晴陽無意計較這些,他正沉浸在攪弄江湖風雲的刺激中興奮著雀躍不已。因為胳膊受傷,他成天吊著膀子,見到沈嵁便興致高昂地拉住他說江湖的險惡與自在,說大戰的凜冽與酣暢,說自己的功勳與驕傲。
沈嵁始終含笑默默聽著,眸光很柔很柔。
“傷,沒事吧?”趁著說話的間隙,沈嵁關切地問一聲。
晴陽抬抬胳膊,滿不在乎:“嗨,皮外傷,沒事兒!小海哥傷得才叫厲害吶!肺都打穿了,被我開膛破肚,嘿嘿,這回他欠我一條命咧!”
沈嵁點點頭:“好,好的!我們晴陽的醫術頂好了。”
晴陽咧嘴笑著,露出整齊的白牙,燦爛如溫暖的陽光。
遠處傳來叫罵聲,是葉蒼榆中氣十足的咆哮。晴陽聳起肩縮了縮脖子,面露懼色:“臥槽,爺爺來了,我得躲躲,哥你掩護我啊!”
言罷縱身一躍上了屋樑,鑽進夾角陰暗裡貓起來。
沈嵁目光追著他,等他藏好了,便去到後窗邊將窗扇推開。
適時,葉蒼榆操著根撥火棍衝了進來。
“猴崽子,人吶?晴陽你給老子死出來!”一瞥眼,才看見屋角站著沈嵁,老人收斂了氣勢招呼他,“噢,老大在吶!看見你那個不肖弟弟沒?”
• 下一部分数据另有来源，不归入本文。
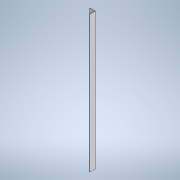
# Autodesk Inventor part: Stanik1000
Saved by Autodesk Inventor 2020.1 (Build 241239000, 239)
## iProperties
Created: 2023-01-06
Part Number: Stanik1000
Material: Типовые
Document SubType Name: Modeling
Designer: KirikDK
Density: 1 g/cm^3
Appearance: По умолчанию
Author: KirikDK
Autodesk Inventor part; units mm, degrees
ref_plane "YZ Plane" through (0, 0, 0) normal (1, 0, 0) x (0, 1, 0)
ref_plane "XZ Plane" through (0, 0, 0) normal (0, 1, 0) x (-1, 0, 0)
ref_plane "XY Plane" through (0, 0, 0) normal (0, 0, 1) x (1, 0, 0)
sketch "Эскиз1" plane through (0, 0, 0) normal (0, 1, 0) x (-1, 0, 0)
  line L0 (0, 40) -> (0, 0)
  line L1 (0, 0) -> (40, 0)
  line L2 (40, 0) -> (40, 3)
  line L3 (40, 3) -> (3, 3)
  line L4 (3, 3) -> (3, 40)
  line L5 (3, 40) -> (0, 40)
  dimension "d0" = 3
  dimension "d1" = 3
  dimension "d2" = 40
  dimension "d3" = 40
  constraints: 12 end point, 2 perpendicular, 2 vertical
  measures "d0" distance of L1.end L2.end
  measures "d1" distance of L4.end L0.start
  measures "d2" distance of L0.start L0.end
  measures "d3" distance of L0.end L1.end
extrude "Выдавливание1" add sketch "Эскиз1" along normal blind 1000
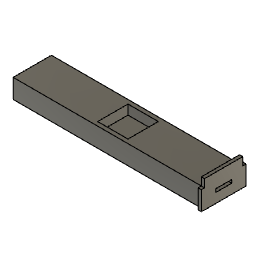
final project v4 (Autodesk Fusion 360 design; units mm, degrees)
Autodesk Fusion 360 part; units mm, degrees
sketch "草图1" plane through (0, 0, 0) normal (0, 0, 1) x (1, 0, 0)
sketch "草图2" plane through (0, 0, 0) normal (0, 0, 1) x (1, 0, 0)
  line L0 (-60, 15) -> (60, 15)
  line L1 (60, 15) -> (60, -10)
  line L2 (60, -10) -> (-60, -10)
  line L3 (-60, -10) -> (-60, 15)
  constraint horizontal L0
  constraint vertical L1
  constraint horizontal L2
  constraint vertical L3
sketch "草图3" plane through (0, 0, 0) normal (0, 0, 1) x (1, 0, 0)
  line L0 (-59.8985, 12.4694) -> (60.1015, 12.4694)
  line L1 (60.1015, 12.4694) -> (60.1015, -11.5306)
  line L2 (60.1015, -11.5306) -> (-59.8985, -11.5306)
  line L3 (-59.8985, -11.5306) -> (-59.8985, 12.4694)
  dimension "d5" = 120
  dimension "d6" = 24
  constraint horizontal L0
  constraint vertical L1
  constraint horizontal L2
  constraint vertical L3
  measures "d5" distance of L0.start L0.end
  measures "d6" distance of L0.start L2.end
sketch "草图4" plane through (0, 0, 0) normal (0, 0, 1) x (1, 0, 0)
  line L0 (-9.3981, 9.9691) -> (9.6019, 9.9691)
  line L1 (9.6019, 9.9691) -> (9.6019, -9.0309)
  line L2 (9.6019, -9.0309) -> (-9.3981, -9.0309)
  line L3 (-9.3981, -9.0309) -> (-9.3981, 9.9691)
  dimension "d9" = 19
  dimension "d10" = 19
  constraint horizontal L0
  constraint vertical L1
  constraint horizontal L2
  constraint vertical L3
  measures "d9" distance of L0.start L0.end
  measures "d10" distance of L0.start L2.end
extrude "拉伸2" add sketch "草图3" along normal mid plane 12
extrude "拉伸3" cut sketch "草图4" along normal blind 6
sketch "草图5" plane through (0, 0, 6) normal (0, 0, 1) x (-1, 0, 0)
  line L0 (9.3981, 9.0309) -> (9.3981, -9.9691)
  line L1 (9.3981, -9.9691) -> (-9.6019, -9.9691)
  line L2 (-9.6019, -9.9691) -> (-9.6019, 9.0309)
  line L3 (-9.6019, 9.0309) -> (9.3981, 9.0309)
  line L4 (59.8985, 11.5306) -> (-60.1015, 11.5306)
  line L5 (-60.1015, 11.5306) -> (-60.1015, -12.4694)
  line L6 (-60.1015, -12.4694) -> (59.8985, -12.4694)
  line L7 (59.8985, -12.4694) -> (59.8985, 11.5306)
  line L8 (-9.6019, -5.4698, -6) -> (-60.1672, -5.4698, -6)
  line L9 (-60.1672, -5.4698, -6) -> (-60.1672, 4.5302, -6)
  line L10 (-60.1672, 4.5302, -6) -> (-9.6019, 4.5302, -6)
  line L11 (-9.6019, 4.5302, -6) -> (-9.6019, -5.4698, -6)
extrude "拉伸4" cut sketch "草图5" along normal blind 3 contours L8 L9 L10 L11 in plane through (0, 0, 0) normal (0, 0, 1)
sketch "草图6" plane through (0, 0, 0) normal (0, 0, 1) x (1, 0, 0)
  line L0 (58.1015, 12.4694) -> (60.1015, 12.4694)
  line L1 (60.1015, 12.4694) -> (60.1015, -11.5306)
  line L2 (60.1015, -11.5306) -> (58.1015, -11.5306)
  line L3 (58.1015, -11.5306) -> (58.1015, 12.4694)
  point P0 (60.1015, 12.4694)
  constraint coincident P0 L0.end
extrude "拉伸5" add sketch "草图6" along normal blind 9 from surface at 2
sketch "草图7" plane through (0, 0, 0) normal (0, 0, 1) x (1, 0, 0)
  line L0 (58.1015, 14.4694) -> (60.1015, 14.4694)
  line L1 (60.1015, 14.4694) -> (60.1015, 12.4694)
  line L2 (60.1015, 12.4694) -> (58.1015, 12.4694)
  line L3 (58.1015, 12.4694) -> (58.1015, 14.4694)
  point P0 (60.1015, 12.4694)
  dimension "d23" = 2
  constraint horizontal L0
  constraint vertical L1
  constraint horizontal L2
  constraint vertical L3
  constraint coincident P0 L1.end
  measures "d23" distance of L0.start L0.end
extrude "拉伸6" add sketch "草图7" along normal mid plane 12
sketch "草图8" plane through (0, 0, 0) normal (0, 0, 1) x (1, 0, 0)
  line L0 (58.1015, -11.5306) -> (60.1015, -11.5306)
  line L1 (60.1015, -11.5306) -> (60.1015, -13.5306)
  line L2 (60.1015, -13.5306) -> (58.1015, -13.5306)
  line L3 (58.1015, -13.5306) -> (58.1015, -11.5306)
  point P0 (60.1015, -11.5306)
  dimension "d26" = 2
  dimension "d27" = 2
  constraint horizontal L0
  constraint vertical L1
  constraint horizontal L2
  constraint vertical L3
  constraint coincident P0 L0.end
  measures "d26" distance of L0.start P0
  measures "d27" distance of L0.start L2.end
extrude "拉伸7" add sketch "草图8" along normal mid plane 12
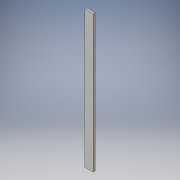
# Autodesk Inventor part: grabber articulation arms
Saved by Autodesk Inventor 2016 SP2 (Build 200236200, 236)
## iProperties
Created: 2018-02-13
Part Number: grabber articulation arms
Material: Generic
Document SubType Name: Modeling
Designer: CAD
Density: 1 g/cm^3
Appearance: Default
Author: CAD
Autodesk Inventor part; units mm, degrees
ref_plane "YZ Plane" through (0, 0, 0) normal (1, 0, 0) x (0, 1, 0)
ref_plane "XZ Plane" through (0, 0, 0) normal (0, 1, 0) x (-1, 0, 0)
ref_plane "XY Plane" through (0, 0, 0) normal (0, 0, 1) x (1, 0, 0)
sketch "Sketch1" plane through (0, 0, 0) normal (0, 1, 0) x (-1, 0, 0)
  line L0 (0, 0) -> (12.7, 0)
  line L1 (0, 0) -> (0, -3.175)
  line L2 (12.7, 0) -> (12.7, -3.175)
  line L3 (12.7, -3.175) -> (0, -3.175)
  dimension "d2" = 3.175
  dimension "d3" = 12.7
  constraints: 8 end point, 2 vertical, 1 horizontal, 1 perpendicular
  measures "d2" distance of L0.start L1.end
  measures "d3" distance of L0.start L0.end
extrude "Extrusion1" add sketch "Sketch1" along normal blind 209.55
body "Solid1"
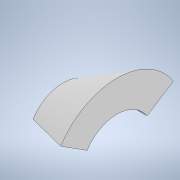
# Autodesk Inventor part: brake
Saved by Autodesk Inventor 2021.1 (Build 251245000, 245)
## iProperties
Created: 2020-08-18
Part Number: brake
Material: Generic
Document SubType Name: Modeling
Designer: robst
Density: 1 g/cm^3
Appearance: Default
Author: robst
Autodesk Inventor part; units mm, degrees
ref_plane "YZ Plane" through (0, 0, 0) normal (1, 0, 0) x (0, 1, 0)
ref_plane "XZ Plane" through (0, 0, 0) normal (0, 1, 0) x (-1, 0, 0)
ref_plane "XY Plane" through (0, 0, 0) normal (0, 0, 1) x (1, 0, 0)
sketch "Sketch1" plane through (0, 0, 0) normal (0, 0, 1) x (1, 0, 0)
  line L0 (0, 7.9375) -> (12.0984, 7.9375)
  line L1 (0, 7.9375) -> (12.0984, 14.9225)
  line L2 (12.0984, 14.9225) -> (12.0984, 7.9375)
  line L3 (0, 0) -> (25.4, 0) construction
  line L4 (0, 0) -> (0, 7.9375) construction
  dimension "d1" = 7.9375
  dimension "d3" = 30
  dimension "d7" = 6.985
  constraints: 10 end point, 2 horizontal, 2 vertical
  measures "d1" distance from line of L0 L3.start
  measures "d3" angle of L1 L0
  measures "d7" vertical distance of L1.end L0.start
revolve "Revolution1" add sketch "Sketch1" angle 115 mid plane about axis through (0, 0, 0) along (1, 0, 0)
body "Solid1"
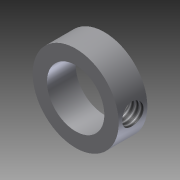
# Autodesk Inventor part: .5_inch_axle_bushing
Saved by Autodesk Inventor 2011 (Build 150239000, 239)
## iProperties
Created: 2013-01-17
Part Number: .5_inch_axle_bushing
Document SubType Name: Modeling
Designer: Christopher
Density: 1 g/cm^3
Author: Christopher
Autodesk Inventor part; units mm, degrees
ref_plane "YZ Plane" through (0, 0, 0) normal (1, 0, 0) x (0, 1, 0)
ref_plane "XZ Plane" through (0, 0, 0) normal (0, 1, 0) x (-1, 0, 0)
sketch "Sketch1" plane through (0, 0, 0) normal (0, 0, 1) x (1, 0, 0)
  circle A0 centre (0, 0) radius 6.35
  circle A1 centre (0, 0) radius 9.525
  point P0 (9.525, 0)
  dimension "d1" = 19.05
  dimension "d0" = 12.7
  constraints: 2 coincident, 1 centre point, 1 horizontal alignment, 2 other
  measures "d0" diameter of A0
extrude "Extrusion1" add sketch "Sketch1" against normal blind 6.35
ref_plane "Work Plane1" through (9.525, 0, 0) normal (1, 0, 0) x (0, 1, 0)
sketch "Sketch2" plane through (9.525, 0, 0) normal (1, 0, 0) x (0, 1, 0)
  line L0 (-9.525, 0) -> (9.525, 0) projected
  point P0 (0, 0)
  point P1 (0, -3.175)
  dimension "d4" = 3.175
  measures "d4" distance from line of L0 point (0, -3.175)
hole "Hole1" at (9.525, 0, -3.175) direction (-1, 0, 0) diameter 4.7625 depth 6.35 tip angle 118
thread "Thread1" size "10-24 UNC" class "2B" standard "ANSI Unified Screw Threads" full length
body "Solid1"
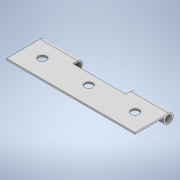
# Autodesk Inventor part: Ala 1 Bisagra tipo Libro Chica
Saved by Autodesk Inventor 2020 (Build 240168000, 168)
## iProperties
Created: 2020-06-18
Part Number: Ala 1 Bisagra tipo Libro Chica
Material: Genérico
Document SubType Name: Modeling
Designer: Pipi
Density: 1 g/cm^3
Appearance: Valor por defecto
Author: Pipi
Autodesk Inventor part; units mm, degrees
ref_plane "YZ Plane" through (0, 0, 0) normal (1, 0, 0) x (0, 1, 0)
ref_plane "XZ Plane" through (0, 0, 0) normal (0, 1, 0) x (-1, 0, 0)
ref_plane "XY Plane" through (0, 0, 0) normal (0, 0, 1) x (1, 0, 0)
sketch "Boceto1" plane through (0, 0, 0) normal (0, 1, 0) x (-1, 0, 0)
  line L0 (6.207, 40.007) -> (6.207, 26.007)
  line L1 (6.207, 26.007) -> (-56.793, 26.007)
  line L2 (-56.793, 26.007) -> (-56.793, 40.007)
  line L3 (-56.793, 40.007) -> (6.207, 40.007)
  circle A0 centre (-2.543, 31.257) radius 2
  circle A1 centre (-48.043, 31.257) radius 2
  circle A2 centre (-25.293, 31.257) radius 2
  point P0 (0, 0)
  dimension "d0" = 14
  dimension "d1" = 63
  dimension "d33" = 4
  dimension "d34" = 4
  dimension "d35" = 4
  dimension "d36" = 8.75
  dimension "d37" = 8.75
  dimension "d38" = 8.75
  dimension "d39" = 8.75
  dimension "d40" = 8.75
  dimension "d41" = 31.5
  constraints: 8 end point, 3 centre point, 3 perpendicular, 1 vertical
  measures "d0" distance of L0.start L0.end
  measures "d1" distance of L0.end L1.end
  measures "d33" diameter of A0
  measures "d34" diameter of A1
  measures "d35" diameter of A2
  measures "d36" distance from line of L3 A0.centre
  measures "d37" distance from line of L3 A2.centre
  measures "d38" distance from line of L3 A1.centre
  measures "d39" distance from line of L2 A1.centre
  measures "d40" distance from line of L0 A0.centre
  measures "d41" distance from line of L0 A2.centre
extrude "Extrusión1" add sketch "Boceto1" along normal blind 0.8
sketch "Boceto7" plane through (56.793, 0, 40.007) normal (1, 0, 0) x (0, 0, -1)
  circle A0 centre (16.375, -1.575) radius 2.375
  circle A1 centre (16.375, -1.575) radius 1.625
  line L0 (14, 0) -> (14, 0.8) projected
  line L1 (0, 0.8) -> (14, 0.8) projected
  line L2 (0, 0) -> (14, 0) projected
  line L3 (14, 0) -> (14, -1.575)
  line L4 (14, 0.8) -> (16.375, 0.8)
  line L5 (14, 0.8) -> (14, 0)
  point P0 (40.007, 0)
  dimension "d25" = 4.75
  dimension "d26" = 3.25
  constraints: 6 end point, 3 tangent, 2 centre point, 2 perpendicular, 2 point on circle, 1 coincident
  measures "d25" diameter of A0
  measures "d26" diameter of A1
extrude "Extrusión4" add sketch "Boceto7" against normal blind 63
sketch "Boceto9" plane through (0, 0.8, 0) normal (0, 1, 0) x (1, 0, 0)
  line L0 (-6.207, -25.257) -> (56.793, -25.257) projected
  line L1 (-6.207, -40.007) -> (-6.207, -23.632) projected
  line L2 (12.293, -25.007) -> (12.293, -15.007)
  line L3 (12.293, -15.007) -> (38.2918, -15.007)
  line L4 (38.2918, -15.007) -> (38.2918, -25.257)
  line L5 (38.2918, -25.257) -> (38.2918, -26.007)
  line L6 (56.793, -26.007) -> (-6.207, -26.007) projected
  line L7 (12.293, -25.007) -> (12.293, -26.007)
  line L8 (12.293, -26.007) -> (38.2918, -26.007)
  line L9 (56.793, -25.257) -> (38.2918, -25.257)
  line L10 (12.293, -25.007) -> (-6.207, -25.007)
  point P0 (0, 0)
  point P1 (38.2918, -25.257)
  point P2 (12.293, -25.257)
  point P3 (38.2918, -25.257)
  dimension "d43" = 26
  constraints: 16 end point, 4 perpendicular, 3 point on line, 2 horizontal, 2 vertical
  measures "d43" distance of L4.end L2.start
extrude "Extrusión6" cut sketch "Boceto9" against normal blind 63 contours L7 L2 L3 L4 L0 | L0 L5 L6 L7
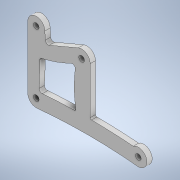
# Autodesk Inventor part: Bracket Concept MK7
Saved by Autodesk Inventor 2021 (Build 250183000, 183)
## iProperties
Created: 2021-05-11
Part Number: Bracket Concept MK7
Material: Generic
Document SubType Name: Modeling
Designer: Jawal
Density: 1 g/cm^3
Appearance: Default
Author: Jawal
Autodesk Inventor part; units mm, degrees
ref_plane "YZ Plane" through (0, 0, 0) normal (1, 0, 0) x (0, 1, 0)
ref_plane "XZ Plane" through (0, 0, 0) normal (0, 1, 0) x (-1, 0, 0)
ref_plane "XY Plane" through (0, 0, 0) normal (0, 0, 1) x (1, 0, 0)
sketch "Sketch1" plane through (0, 0, 0) normal (0, 0, 1) x (1, 0, 0)
  line L0 (-110, 70) -> (110, 70) construction
  line L1 (110, 70) -> (110, -70) construction
  line L2 (110, -70) -> (-110, -70) construction
  line L3 (-110, -70) -> (-110, 70) construction
  circle A0 centre (-90, 55) radius 5
  circle A1 centre (-90, -55) radius 5
  circle A2 centre (90, -55) radius 5
  circle A3 centre (-10, 45) radius 5
  line L4 (-67, 0) -> (-42, 0) construction
  line L5 (-42, 0) -> (-42, -30) construction
  line L6 (-42, -30) -> (-67, -30) construction
  line L7 (-67, -30) -> (-67, 0) construction
  circle A4 centre (-54.5, -11) radius 10 construction
  circle A5 centre (-63.5044, -24.4163) radius 3 construction
  circle A6 centre (-57.3559, -26.4695) radius 3 construction
  circle A7 centre (-51.263, -24.6531) radius 3 construction
  circle A8 centre (-45.3418, -26.5938) radius 3 construction
  arc A9 (-75, 54.9997) -> (-105, 55) centre (-90, 55) ccw
  arc A10 (-105, -55) -> (-90, -70) centre (-90, -55) ccw
  line L8 (-105, 55) -> (-105, -55)
  line L9 (-67.173, 37.0938) -> (-15.8457, 58.814)
  arc A11 (-80.9053, 10.3283) -> (-28.4795, 28.932) centre (-131.69, 236.6113) ccw
  arc A12 (-84.9945, -37.6763) -> (-83.834, 6.647) centre (-774.2501, 2.5469) ccw
  arc A13 (-74.1138, 41.4213) -> (-75, 54.9997) centre (-774.2501, 2.5469) ccw
  arc A14 (-74.1138, 41.4213) -> (-67.173, 37.0938) centre (-69.1215, 41.6985) ccw
  arc A15 (-80.9053, 10.3283) -> (-83.834, 6.647) centre (-80.0841, 6.6693) ccw
  arc A16 (-84.9945, -37.6763) -> (-79.3208, -42.9208) centre (-80.003, -37.9675) ccw
  arc A17 (-0.2374, 33.6118) -> (-15.8457, 58.814) centre (-10, 45) ccw
  arc A18 (87.1375, -69.7243) -> (81.0789, -42.9413) centre (90, -55) ccw
  arc A19 (90, -70) -> (-90, -70) centre (0, -989.5783) ccw
  line L10 (5, 45) -> (5, -37.2895)
  arc A20 (-21.304, 23.7513) -> (-20.2259, -37.0973) centre (169.1855, -3.3075) ccw
  line L11 (-19.6904, 33.6118) -> (-19.6904, -39.9724) construction
  line L12 (-19.6904, 33.6118) -> (53.8938, 33.6118) construction
  arc A21 (-21.304, 23.7513) -> (-28.4795, 28.932) centre (-26.2543, 24.4545) ccw
  arc A22 (-22.6296, -40.0357) -> (-20.2259, -37.0973) centre (-22.687, -37.5364) ccw
  arc A23 (5, -37.2895) -> (7.4835, -39.7895) centre (7.5, -37.2895) ccw
  arc A24 (81.0789, -42.9413) -> (7.4835, -39.7895) centre (0.7495, -1057.8516) ccw
  arc A25 (-22.6296, -40.0357) -> (-79.3208, -42.9208) centre (0.7495, -1057.8516) ccw
  point P0 (0, 0)
  point P1 (90, -70)
  dimension "d1" = 70
  dimension "d2" = 70
  dimension "d3" = 110
  dimension "d4" = 110
  dimension "d5" = 10
  dimension "d6" = 10
  dimension "d7" = 10
  dimension "d8" = 10
  dimension "d9" = 55
  dimension "d10" = 55
  dimension "d11" = 55
  dimension "d12" = 180
  dimension "d13" = 90
  dimension "d14" = 90
  dimension "d15" = 10
  dimension "d16" = 45
  dimension "d17" = 42
  dimension "d18" = 30
  dimension "d19" = 0
  dimension "d20" = 25
  dimension "d21" = 20
  dimension "d22" = 6
  dimension "d23" = 6
  dimension "d24" = 6
  dimension "d25" = 11
  dimension "d26" = 12.5
  dimension "d27" = 6
  dimension "d50" = 30
  dimension "d51" = 30
  dimension "d53" = 10
  dimension "d54" = 7.5
  dimension "d58" = 10
  dimension "d59" = 30
  dimension "d60" = 30
  dimension "d61" = 90
  dimension "d62" = 10
  dimension "d63" = 5
  dimension "d64" = 5
  constraints: 36 point on circle, 26 centre point, 26 end point, 11 tangent, 4 coincident, 4 parallel, 3 horizontal, 3 perpendicular, 2 point on line, 2 vertical
  measures "d1" distance from line of point (0, 0) L2
  measures "d2" distance from line of point (0, 0) L0
  measures "d3" distance from line of L1 point (0, 0)
  measures "d4" distance from line of point (0, 0) L3
  measures "d5" diameter of A0
  measures "d6" diameter of A1
  measures "d7" diameter of A2
  measures "d8" diameter of A3
  measures "d9" vertical distance of point (0, 0) A0.centre
  measures "d10" vertical distance of point (0, 0) A1.centre
  measures "d11" vertical distance of A2.centre point (0, 0)
  measures "d12" distance of A2.centre A1.centre
  measures "d13" horizontal distance of point (0, 0) A0.centre
  measures "d14" horizontal distance of point (0, 0) A1.centre
  measures "d15" horizontal distance of point (0, 0) A3.centre
  measures "d16" vertical distance of point (0, 0) A3.centre
  measures "d17" distance from line of point (0, 0) L5
  measures "d18" distance of L4.end L5.end
  measures "d19" distance from line of L4 point (0, 0)
  measures "d20" distance of L5.end L6.end
  measures "d21" diameter of A4
  measures "d22" diameter of A5
  measures "d23" diameter of A6
  measures "d24" diameter of A7
  measures "d25" distance from line of L4 A4.centre
  measures "d26" distance from line of L7 A4.centre
  measures "d27" diameter of A8
  measures "d50" diameter of A9
  measures "d51" diameter of A10
  measures "d53" diameter of A14
  measures "d54" diameter of A15
  measures "d58" diameter of A16
  measures "d59" diameter of A17
  measures "d60" diameter of A18
  measures "d61" angle of L11 L12
  measures "d62" diameter of A21
  measures "d63" diameter of A22
  measures "d64" diameter of A23
extrude "Extrusion5" add sketch "Sketch1" along normal blind 9.4 contours A13 A14 L9 A17 L10 A23 A24 A18 A19 A10 L8 A9
equation "\"d1\" = d2"
equation "\"d4\" = d3"
equation "\"d10\" = d9"
equation "\"d11\" = d9"
equation "\"d14\" = d13"
equation "\"d26\" = 0.5 * d20"
body "Solid5"
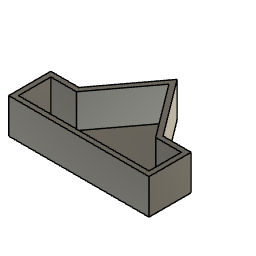
base v1 (Autodesk Fusion 360 design; units mm, degrees)
Autodesk Fusion 360 part; units mm, degrees
sketch "Boceto1" plane through (0, 0, 0) normal (0, 1, 0) x (1, 0, 0)
  line L0 (-50, -40) -> (-50, 0)
  line L1 (-50, 0) -> (80, 0)
  line L2 (80, 0) -> (80, -40)
  line L3 (80, -40) -> (10, -100)
  line L4 (10, -100) -> (-50, -40)
  constraint vertical L0
  constraint perpendicular L0 L1
  constraint perpendicular L1 L2
sketch "Boceto2" plane through (0, 0, 0) normal (0, 0, 1) x (1, 0, 0)
  line L0 (-50.5346, -0.7995) -> (-50.5346, -60.7995)
  line L1 (-50.5346, -60.7995) -> (149.4654, -60.7995)
  line L2 (149.4654, -60.7995) -> (149.4654, -0.7995)
  line L3 (149.4654, -0.7995) -> (109.4654, -0.7995)
  line L4 (109.4654, -0.7995) -> (49.4654, 79.2005)
  line L5 (49.4654, 79.2005) -> (-10.5346, -0.7995)
  line L6 (-10.5346, -0.7995) -> (-50.5346, -0.7995)
  dimension "d4" = 200
  dimension "d5" = 60
  dimension "d6" = 40
  dimension "d7" = 40
  dimension "d8" = 100
  dimension "d9" = 100
  dimension "d10" = 60
  constraint vertical L0
  constraint perpendicular L0 L1
  constraint perpendicular L1 L2
  constraint perpendicular L0 L3
  constraint perpendicular L0 L6
  measures "d4" distance of L0.end L1.end
  measures "d5" distance of L0.start L0.end
  measures "d6" distance of L0.start L5.end
  measures "d7" distance of L2.end L3.end
  measures "d8" distance of L3.end L4.end
  measures "d9" distance of L4.end L5.end
  measures "d10" distance of L1.end L2.end
extrude "Extruir2" add sketch "Boceto2" along normal blind 50
shell "Vaciado2" thickness 7 removed faces 1 at (49.4654, 25.8671, 50)
sketch "Boceto3" plane through (0, 0, 7) normal (0, 0, 1) x (-1, 0, 0)
  line L0 (7.0346, 7.7995) -> (43.5346, 7.7995)
  line L1 (43.5346, 7.7995) -> (43.5346, 53.7995)
  line L2 (43.5346, 53.7995) -> (-142.4654, 53.7995)
  line L3 (-142.4654, 53.7995) -> (-142.4654, 7.7995)
  line L4 (-142.4654, 7.7995) -> (-105.9654, 7.7995)
  line L5 (-105.9654, 7.7995) -> (-49.4654, -67.5338)
  line L6 (-49.4654, -67.5338) -> (7.0346, 7.7995)
sketch "Boceto4" plane through (0, 0, 7) normal (0, 0, 1) x (-1, 0, 0)
  line L0 (45, 50) -> (35, 50)
  line L1 (35, 50) -> (35, 10)
  line L2 (35, 10) -> (45, 10)
  line L3 (45, 10) -> (45, 50)
  constraint horizontal L0
  constraint vertical L1
  constraint horizontal L2
  constraint vertical L3
extrude "Extruir3" cut sketch "Boceto4" sketch "Boceto3" against normal blind 5 of sketch 2

沈嵁手扶著窗欄,笑得無奈:“老遠就聽見葉老在罵,他還不跑麼?剛翻出去。”
葉蒼榆急忙衝到窗邊伸出腦袋左右探望,暗罵一聲,折身又往外去。
“一個個的混賬東西,忙死老子了,逮著非把你們都拿腳鐐鎖上不可。”到門口猛地想起來,回頭喊沈嵁,“招呼不周,老大你自己隨意啊!要是看見晴陽記得打暈了等我來。別手軟,你是他哥,長兄如父,不聽話就得收拾!”
沈嵁盡是敦厚地笑著,點點頭,一言不發。
終於葉蒼榆跑遠了,樑上的晴陽探出頭仔細聽了聽,隨即跳下,又扒著門朝外張望了片刻,確信老人真的被誆走了,這才鬆了口氣。轉回身看見沈嵁正向自己走來,忙擺出防禦的姿態,告饒:“別別別,哥別打我,我可是傷員!”
沈嵁抬手,落得很輕,替晴陽撣去衣衫上的灰。
“好好養傷,勿亂跑。”
晴陽揉揉鼻子,孩子樣笑著:“沒事兒的哥!”
飛揚的青春在年輕的臉龐上洋溢,不見了上一年見面時的陰鬱低落。沈嵁不確定是怎樣的際遇治好了晴陽的病活了他的心,他只是高興,高興得想不出話語來表達,唯有望著晴陽,每一絲靈動的表情都捨不得遺漏,望進眼底烙印在心裡,記住此時此刻。
笑聲隨著講述時時飄散在屋內,爽朗明媚,是脆的,亮的。